# Γνωρίζω τον αίτιον, και αν ζήσω παίρνομεν όλοι το χάκι....



## Theseus (Sep 15, 2016)

Ο Καραϊσκάκης λίγες ώρες πριν πεθάνει άφησε να εννοηθεί ότι γνωρίζει τους δράστες. Δίνοντας μάλιστα ένα από τα γνωστά ρεσιτάλ βωμολοχίας είπε στους συναγωνιστές του: «Γνωρίζω τον αίτιον, και αν ζήσω παίρνομεν όλοι το χάκι (εκδίκηση), ειδέ και πεθάνω, ας μου κλάσει τον μπούτζον και αυτός».
Τι σημαίνουν στα Αγγλικά αυτές οι τελευταίες λέξεις του Καραϊσκάκη; Προφανώς το «ειδέ» σημαίνει κάτι σαν «αν/κι αν». :s
Ποιος είναι ο πούτσος που αναφέρεται στο κείμενο;


----------



## Palavra (Sep 15, 2016)

I know who did it; if I live, we will give them their just desserts, or else, should I die, he can suck my dick (for all I care).​
First things first:
*ειδέ* means but, in case of, otherwise etc. depending on context.
_*Πούτσος *_means _*dick, cock*_ (same meaning, same register).
_*Κλάσε μου τον πούτσο*_ is a synonym of _κλάσε μου τ' αρχίδια_ or _*θα μου κλάσεις τ' αρχίδια*_. Literal translation: _fart on my dick/balls_.

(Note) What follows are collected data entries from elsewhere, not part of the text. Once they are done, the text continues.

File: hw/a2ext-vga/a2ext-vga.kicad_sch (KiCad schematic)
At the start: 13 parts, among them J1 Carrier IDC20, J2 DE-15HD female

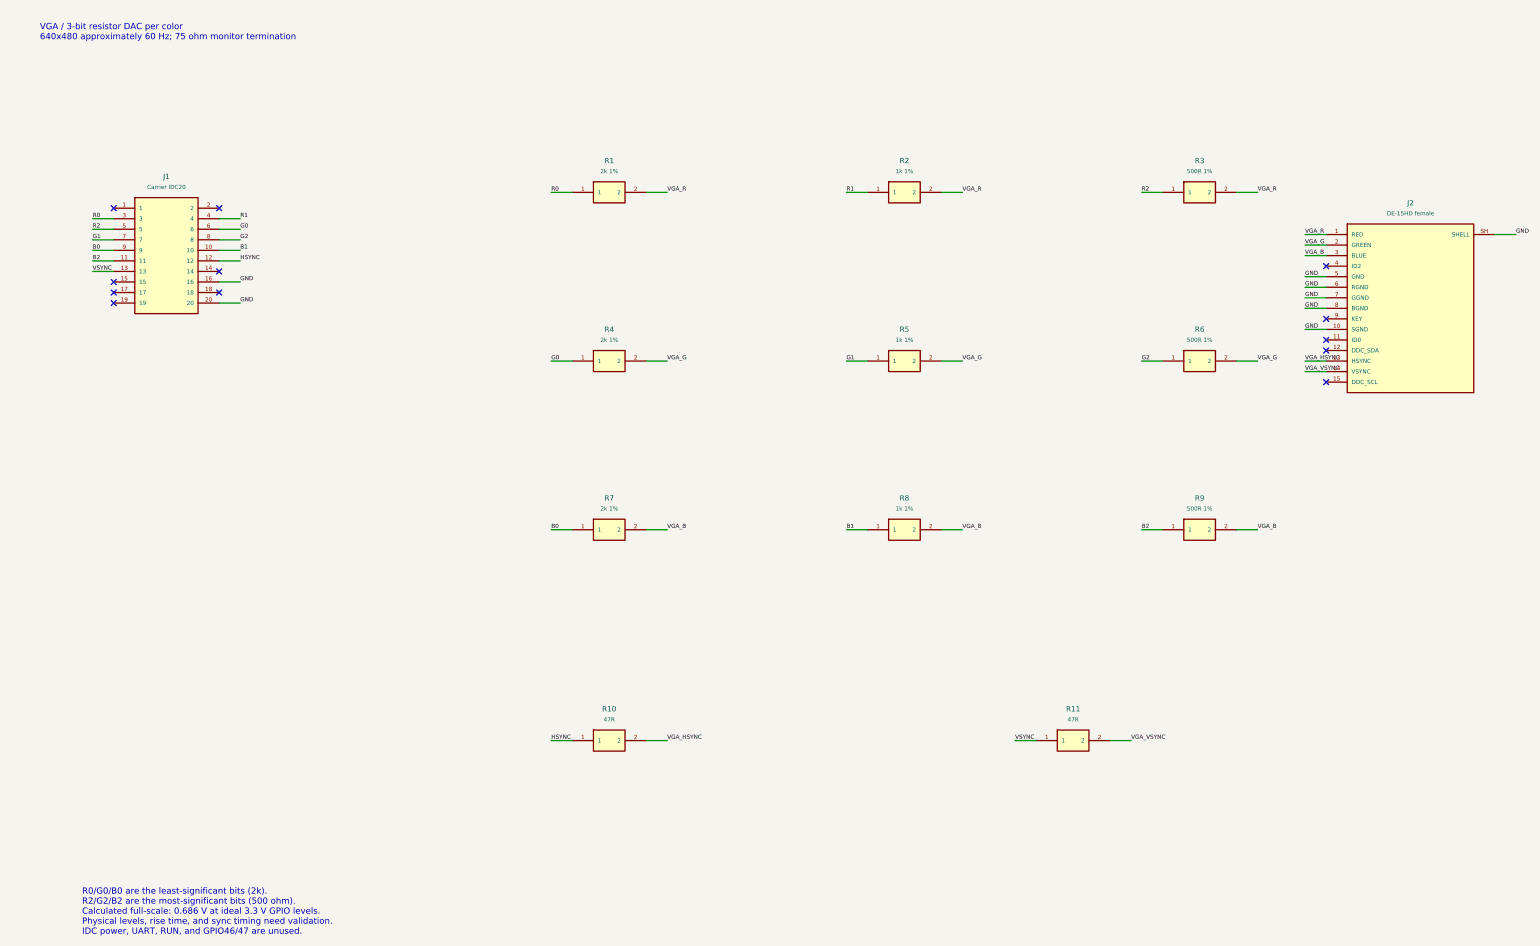
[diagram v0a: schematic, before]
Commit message: Simplify carrier to direct bus and slot power; improve schematic readability
Remove bus isolation and USB power circuitry, clarify signal labels, and reflow all schematics onto A4 landscape with larger text. Update PDFs, BOMs, connectivity checks, operating documentation, progress, and remaining tasks.
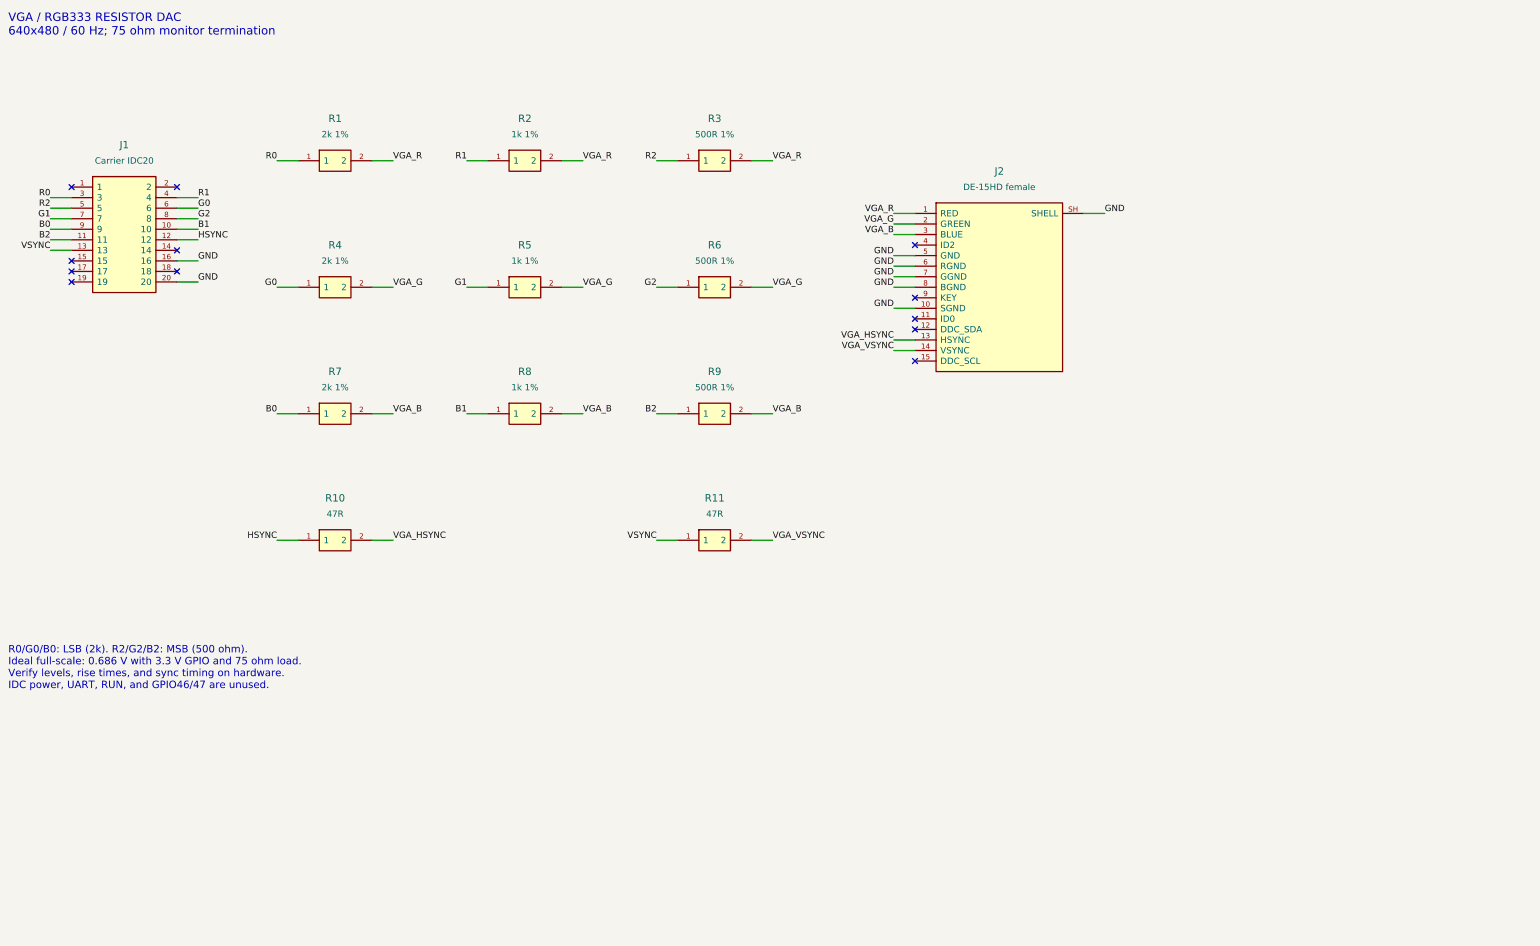
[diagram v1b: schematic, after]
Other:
- note added: "R0/G0/B0: LSB (2k). R2/G2/B2: MSB (500 ohm). Ideal full-scale: 0.686 V with 3.3 V GPIO and 75 ohm load. Verify levels, rise times, and sync timing on hardware. IDC power, UART, RUN, and GPIO46/47 are unused."
- note added: "VGA / RGB333 RESISTOR DAC 640x480 / 60 Hz; 75 ohm monitor termination"
- note removed: "R0/G0/B0 are the least-significant bits (2k). R2/G2/B2 are the most-significant bits (500 ohm). Calculated full-scale: 0.686 V at ideal 3.3 V GPIO levels. Physical levels, rise time, and sync timing need validation. IDC power, UART, RUN, and GPIO46/47 are unused."
- note removed: "VGA / 3-bit resistor DAC per color 640x480 approximately 60 Hz; 75 ohm monitor termination"
- moved on the sheet: J1, J2, R1, R10, R11, R2, R3, R4, R5, R6, R7, R8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

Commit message: Add two-layer prototype PCBs and Gerber packages for all boards
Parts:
- J1: footprint (none) -> A2Ext:Socket20
- J2: footprint (none) -> A2Ext:VGA_DE15
- R1, R10, R11, R2, R3, R4, R5, R6, R7, R8, R9: footprint (none) -> A2Ext:R0805

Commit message: Revise all prototype PCBs for through-hole assembly
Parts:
- R1, R10, R11, R2, R3, R4, R5, R6, R7, R8, R9: footprint A2Ext:R0805 -> A2Ext:R_Axial_7.62

It means _I don't give a shit about what you say because I don't believe it and I'm therefore challenging you_. For instance, imagine this scene: Two cars collide, the drivers get out, and the following dialogue ensues:

— Πρόσεχε, ρε μαλάκα! [Watch where you're going, you wanker!]
— Ποιον λες «μαλάκα», ρε μαλάκα; Θα σε σπάσω στο ξύλο! [Who are you calling "wanker", wanker? I'll kick your ass!]
— Θα μου κλάσεις τ' αρχίδια! [You can suck my dick 'cause you're doing nothing of the sort!] 

_Χάκι_ does not mean revenge but _right_. I believe it comes from the Turkish word _*hak*_, meaning _justice, right._ There's even an expression, hakkını almak, litterally _to take one's right_, i.e. get what's coming to you.

After all this cussing, I feel like going to the fridge, getting a beer and then taking my truck out for a ride


----------



## drsiebenmal (Sep 15, 2016)

Palavra said:


> After all this cussing, I feel like going to the fridge, getting a beer and then taking my truck out for a ride



What an excellent cue to link to one of Lexilogia's best threads (started by Theseus ;)).


----------



## Palavra (Sep 15, 2016)

I should add that *Θα μου κλάσεις τ' αρχίδια* can also be used as _*Θα μου κλάσεις μια μάντρα αρχίδια*_ and therefore _*Θα μου κλάσεις μια μάντρα/κλάσε μου μια μάντρα.*_

Parking my Scania and going back to work.


----------



## Theseus (Sep 15, 2016)

Χμ. Χυδαιότερο απ' ο,τι είχα προβλέψει. Καλή μπίρα και καλή εκδρομούλα!


----------



## Palavra (Sep 15, 2016)

I think that Karaiskakis is notorious for having used profanity all the time; there are quite a few anecdotes like the one you just quoted above.


----------



## drsiebenmal (Sep 15, 2016)

Karaiskakis was famous for his language, Theseus. Have a look here...

----
Edit: Pal says "notorious", I said "famous". A point of view thing, surely... :)


----------



## Theseus (Sep 15, 2016)

Thanks, Dr & Palavra! I didn't know that Karaiskakis had a reputation for colourful language. Thanks to both of you, I know it now. I hope I didn't offend you, Palavra. I wasn't criticising yor answer. It is simply that I was unaware of the linguistic register the quotation from Karaiskakis actually had.


----------



## Palavra (Sep 15, 2016)

Theseus said:


> I hope I didn't offend you, Palavra. I wasn't criticising yor answer.


Don't worry, I'm not offended :) 

(I should note, however, I have been known to use the above expressions when I'm angry, as the good Doc will surely tell you  )


----------



## drsiebenmal (Sep 15, 2016)

Hehehehe!


----------



## Earion (Sep 15, 2016)

On another note, you surely know, Theseus, that both *τσ* |ts|, and *τζ* |dz| were represented by *τζ* until well into the 19th century.


----------



## Theseus (Sep 15, 2016)

I didn't know that, Earion. Thanks for the information.


----------



## Palavra (Sep 16, 2016)

Neither did I :) Thanks, Earion!


----------



## Earion (Sep 16, 2016)

This is the reason for the queer (but phonetically more accurate) spelling: *τομπούτζον *(= |to[SUP]m[/SUP]bútson|).


----------



## sarant (Sep 16, 2016)

Which also means that έτζι and similar words were most probably pronounced έτσι.


----------